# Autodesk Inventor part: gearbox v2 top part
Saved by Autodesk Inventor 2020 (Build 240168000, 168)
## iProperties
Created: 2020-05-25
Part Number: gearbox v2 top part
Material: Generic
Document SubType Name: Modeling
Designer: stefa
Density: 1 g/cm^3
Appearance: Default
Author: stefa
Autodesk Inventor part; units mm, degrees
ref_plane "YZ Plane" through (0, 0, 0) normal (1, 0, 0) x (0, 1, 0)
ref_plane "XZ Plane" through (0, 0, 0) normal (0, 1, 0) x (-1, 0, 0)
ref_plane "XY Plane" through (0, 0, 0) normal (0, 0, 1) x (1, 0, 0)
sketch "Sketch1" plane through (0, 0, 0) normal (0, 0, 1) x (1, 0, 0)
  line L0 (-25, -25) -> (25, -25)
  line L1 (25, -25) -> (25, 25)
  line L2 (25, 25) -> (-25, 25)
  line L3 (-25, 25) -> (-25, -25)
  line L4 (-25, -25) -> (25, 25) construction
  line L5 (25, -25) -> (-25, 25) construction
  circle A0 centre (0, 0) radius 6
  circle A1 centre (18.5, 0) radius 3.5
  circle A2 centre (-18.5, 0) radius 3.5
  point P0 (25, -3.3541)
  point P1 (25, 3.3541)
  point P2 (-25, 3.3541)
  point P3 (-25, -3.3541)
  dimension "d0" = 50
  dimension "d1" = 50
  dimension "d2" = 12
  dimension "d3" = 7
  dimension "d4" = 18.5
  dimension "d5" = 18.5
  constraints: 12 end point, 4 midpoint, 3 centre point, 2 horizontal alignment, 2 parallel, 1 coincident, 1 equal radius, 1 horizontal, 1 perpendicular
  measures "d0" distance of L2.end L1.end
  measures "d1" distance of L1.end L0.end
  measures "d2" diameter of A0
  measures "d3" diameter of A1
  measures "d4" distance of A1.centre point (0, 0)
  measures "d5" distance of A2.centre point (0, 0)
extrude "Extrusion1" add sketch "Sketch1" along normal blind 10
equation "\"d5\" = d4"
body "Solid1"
----------
TASK GOAL =>
The response should be an exact copy of every line above.

ANSWER TO THIS PROBLEM =>
# Autodesk Inventor part: gearbox v2 top part
Saved by Autodesk Inventor 2020 (Build 240168000, 168)
## iProperties
Created: 2020-05-25
Part Number: gearbox v2 top part
Material: Generic
Document SubType Name: Modeling
Designer: stefa
Density: 1 g/cm^3
Appearance: Default
Author: stefa
Autodesk Inventor part; units mm, degrees
ref_plane "YZ Plane" through (0, 0, 0) normal (1, 0, 0) x (0, 1, 0)
ref_plane "XZ Plane" through (0, 0, 0) normal (0, 1, 0) x (-1, 0, 0)
ref_plane "XY Plane" through (0, 0, 0) normal (0, 0, 1) x (1, 0, 0)
sketch "Sketch1" plane through (0, 0, 0) normal (0, 0, 1) x (1, 0, 0)
  line L0 (-25, -25) -> (25, -25)
  line L1 (25, -25) -> (25, 25)
  line L2 (25, 25) -> (-25, 25)
  line L3 (-25, 25) -> (-25, -25)
  line L4 (-25, -25) -> (25, 25) construction
  line L5 (25, -25) -> (-25, 25) construction
  circle A0 centre (0, 0) radius 6
  circle A1 centre (18.5, 0) radius 3.5
  circle A2 centre (-18.5, 0) radius 3.5
  point P0 (25, -3.3541)
  point P1 (25, 3.3541)
  point P2 (-25, 3.3541)
  point P3 (-25, -3.3541)
  dimension "d0" = 50
  dimension "d1" = 50
  dimension "d2" = 12
  dimension "d3" = 7
  dimension "d4" = 18.5
  dimension "d5" = 18.5
  constraints: 12 end point, 4 midpoint, 3 centre point, 2 horizontal alignment, 2 parallel, 1 coincident, 1 equal radius, 1 horizontal, 1 perpendicular
  measures "d0" distance of L2.end L1.end
  measures "d1" distance of L1.end L0.end
  measures "d2" diameter of A0
  measures "d3" diameter of A1
  measures "d4" distance of A1.centre point (0, 0)
  measures "d5" distance of A2.centre point (0, 0)
extrude "Extrusion1" add sketch "Sketch1" along normal blind 10
equation "\"d5\" = d4"
body "Solid1"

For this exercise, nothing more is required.